The team’s findings, published today in Proceedings of the National Academy of Sciences, offer the first clear ‘Austronesian’ signature in Madagascar’s archaeological record. Examining residues obtained from a process called flotation, which uses a system of sieves and water to remove ancient preserved plant remains from sediments, the researchers identified 2443 individual crop remains to species level under the microscope. The remains were obtained through archaeological excavations at 22 ancient settlement sites in Madagascar, the Comoros and coastal eastern Africa dating back to the 8th to 10th century CE.

“What was amazing to us was the stark contrast that emerged between the crops on the eastern African coast and the offshore islands versus those on Madagascar – but also the Comoros,” said Dr. Alison Crowther, of the University Queensland, lead author of the study, “and the more we looked, the starker the contrast became.” The crops identified on the eastern African coast and nearest islands were heavily dominated by African crops – species like sorghum, finger millet and baobab that had been present on the east African coast already for some centuries, brought by the expansion of farmers across the continent.
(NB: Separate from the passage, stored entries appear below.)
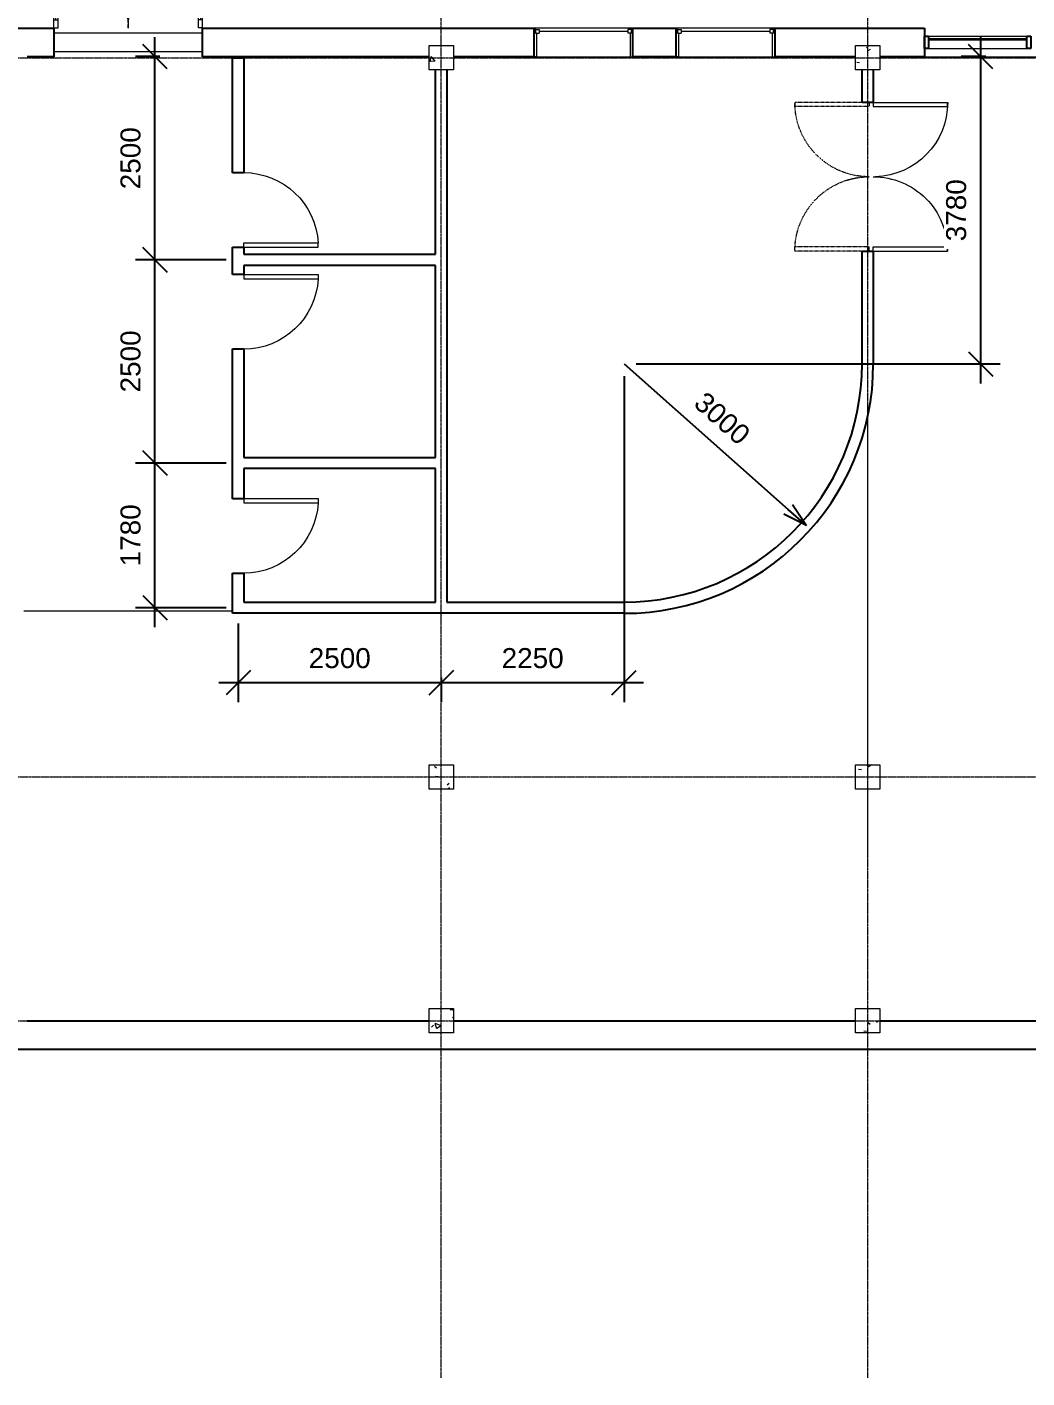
# Model space of a CAD drawing. Header units: millimetres. Extents: x -45493 to 8201, y -4031 to 23928.
# Drawn here: x -37622 to -25311, y -4031 to 12592 of the extents above; entities that cross this region are included whole.
import ezdxf

# ---------------------------------------------------------------- set-up
doc = ezdxf.new("R2010")
doc.units = ezdxf.units.MM
doc.linetypes.add('Dash', pattern=[6.35, 3.175, -3.175])
doc.linetypes.add('Grid Line', pattern=[22.225, 12.7, -3.175, 3.175, -3.175])
for name, color, linetype, lineweight in [('A-ANNO-DIMS', 10, 'Continuous', 9), ('A-AREA', 32, 'Continuous', 9), ('A-DOOR', 31, 'Continuous', 9), ('A-DOOR-GLAZ', 31, 'Continuous', 18), ('A-GLAZ', 151, 'Continuous', 9), ('A-GLAZ-CURT', 52, 'Continuous', 9), ('A-GLAZ-CWMG', 51, 'Continuous', 9), ('A-WALL', 113, 'Continuous', 9), ('I-WALL', 2, 'Continuous', 9), ('S-COLS', 52, 'Continuous', 9), ('S-GRID', 1, 'Continuous', 9)]:
    doc.layers.add(name, color=color, linetype=linetype, lineweight=lineweight)
doc.styles.add('Arial', font='Arial.ttf', dxfattribs={"height": 245.883234})
doc.dimstyles.new('Arrow_-_2_5mm_Arial', dxfattribs={"dimscale": 304.8, "dimtxt": 250, "dimasz": 0.984252, "dimexe": 0.787402, "dimexo": 0, "dimgap": 0.574147, "dimtad": 1, "dimjust": 3, "dimdec": 0, "dimzin": 0, "dimdsep": 46, "dimtxsty": 'Arial', "dimblk1": 'OPEN30', "dimblk2": 'OPEN30', "dimsah": 1, "dimcen": 0.09, "dimazin": 0, "dimtfac": 1, "dimtdec": 4, "dimtix": 1, "dimtmove": 0, "dimatfit": 2, "dimfxl": 1, "dimtvp": 1, "dimtfill": 1, "dimtolj": 1, "dimtzin": 0, "dimarcsym": 2})
doc.dimstyles.new('Diagonal_-_2_5mm_Arial', dxfattribs={"dimscale": 304.8, "dimtxt": 250, "dimasz": 0.984252, "dimexe": 0.787402, "dimexo": 0.492126, "dimgap": 0.574147, "dimtad": 1, "dimdec": 0, "dimzin": 0, "dimdsep": 46, "dimtxsty": 'Arial', "dimblk1": 'OBLIQUE', "dimblk2": 'OBLIQUE', "dimsah": 1, "dimcen": 0.09, "dimdle": 0.787402, "dimazin": 0, "dimtfac": 1, "dimtdec": 4, "dimtix": 1, "dimtmove": 0, "dimatfit": 3, "dimfxl": 1, "dimtvp": 1, "dimtfill": 1, "dimtolj": 1, "dimtzin": 0, "dimarcsym": 2})
doc.dimstyles.new('Diagonal_-_2_5mm_Arial_1', dxfattribs={"dimscale": 304.8, "dimtxt": 250, "dimasz": 0.984252, "dimexe": 0.787402, "dimexo": 0.492126, "dimgap": 0.574147, "dimtad": 1, "dimdec": 0, "dimzin": 0, "dimdsep": 46, "dimtxsty": 'Arial', "dimblk1": 'OBLIQUE', "dimblk2": 'OBLIQUE', "dimsah": 1, "dimcen": 0.09, "dimdle": 0.787402, "dimazin": 0, "dimtfac": 1, "dimtdec": 4, "dimtix": 1, "dimtmove": 0, "dimatfit": 3, "dimfxl": 1, "dimtvp": 1, "dimtfill": 1, "dimtolj": 1, "dimtzin": 0, "dimarcsym": 2})
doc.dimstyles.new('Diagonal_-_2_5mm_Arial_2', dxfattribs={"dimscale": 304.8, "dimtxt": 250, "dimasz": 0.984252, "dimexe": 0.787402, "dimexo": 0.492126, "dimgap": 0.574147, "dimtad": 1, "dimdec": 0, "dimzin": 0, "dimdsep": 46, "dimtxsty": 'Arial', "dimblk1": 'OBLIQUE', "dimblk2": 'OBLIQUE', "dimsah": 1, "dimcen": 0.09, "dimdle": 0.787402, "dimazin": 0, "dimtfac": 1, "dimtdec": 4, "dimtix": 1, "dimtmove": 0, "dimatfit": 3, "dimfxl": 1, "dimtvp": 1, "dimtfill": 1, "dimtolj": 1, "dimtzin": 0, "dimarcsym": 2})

In contrast, samples taken from sites on Madagascar and the Comoros contained few or no African crops, but were instead dominated by Asian species like Asian rice, mung bean and Asian cotton.

By examining where else in the Indian Ocean these crops were grown, and drawing also on historical and linguistic data, the team was able to make a strong case that the crops reached Madagascar from Island Southeast Asia. “There are a lot of things we still don’t understand about Madagascar’s past, it remains one of our big enigmas” said Dr. Nicole Boivin, Director of the new Department of Archaeology at the Max Planck Institute for the Science of Human History and senior author on the study, “but what is exciting is that we finally have a way of providing a window into the island’s highly mysterious Southeast Asian settlement, and distinguishing it from settlement by mainland Africans that we know also happened. Southeast Asians clearly brought crops from their homeland and grew them and subsisted on them when they reached Africa. This means that archaeologists can use those remains to finally start to provide real, material insights into the colonization process.”

One such insight is that it was not only Madagascar that was settled by Southeast Asians, but also the nearby archipelago of the Comoros, which sits between Madagascar and the northern Mozambique coast. “This took us by surprise,” noted Dr. Crowther “after all, people in the Comoros speak African languages, and they don’t look like they have Southeast Asian ancestry the way that populations on Madagascar do.” But linguistic evidence does provide some support for the team’s idea that the Comoros was part of the settlement process. “When we started looking more closely into research that has been carried out on Comorian languages,” pointed out Dr. Boivin “we were able to find numerous esteemed linguists who had argued for the exact thing we seemed to be seeing in the Comorian archaeological record – a settlement by people from Southeast Asia”.

Much work remains to be done. “We are keen to understand who these people were and what impact they had” said Dr. Crowther. “Amongst events that possibly coincide with the arrival of Austronesian speakers is the disappearance of Madagascar’s famous megafauna, which include giant species of lemur and sloths.” The team plans to return to Madagascar to continue their research. Dr. Boivin and Dr. Crowther are setting up new laboratories at the Max Planck Institute for the Science of Human History and University of Queensland that will collaborate closely in coming years.

“Jared Diamond has a great description of the bizarreness of Madagascar being colonized by people from thousands of kilometers across the Indian Ocean,” said Dr. Boivin. “He argued that it was akin to Columbus reaching the New World and finding it occupied by blond-haired, blue-eyed Scandinavians, speaking not Amerindian languages but something close to Swedish! We still have a lot to learn to understand how this distribution of people and languages came about, in particular the potential role of cross-Indian Ocean slave trading. Now we’ve given ourselves some new tools to work on this.”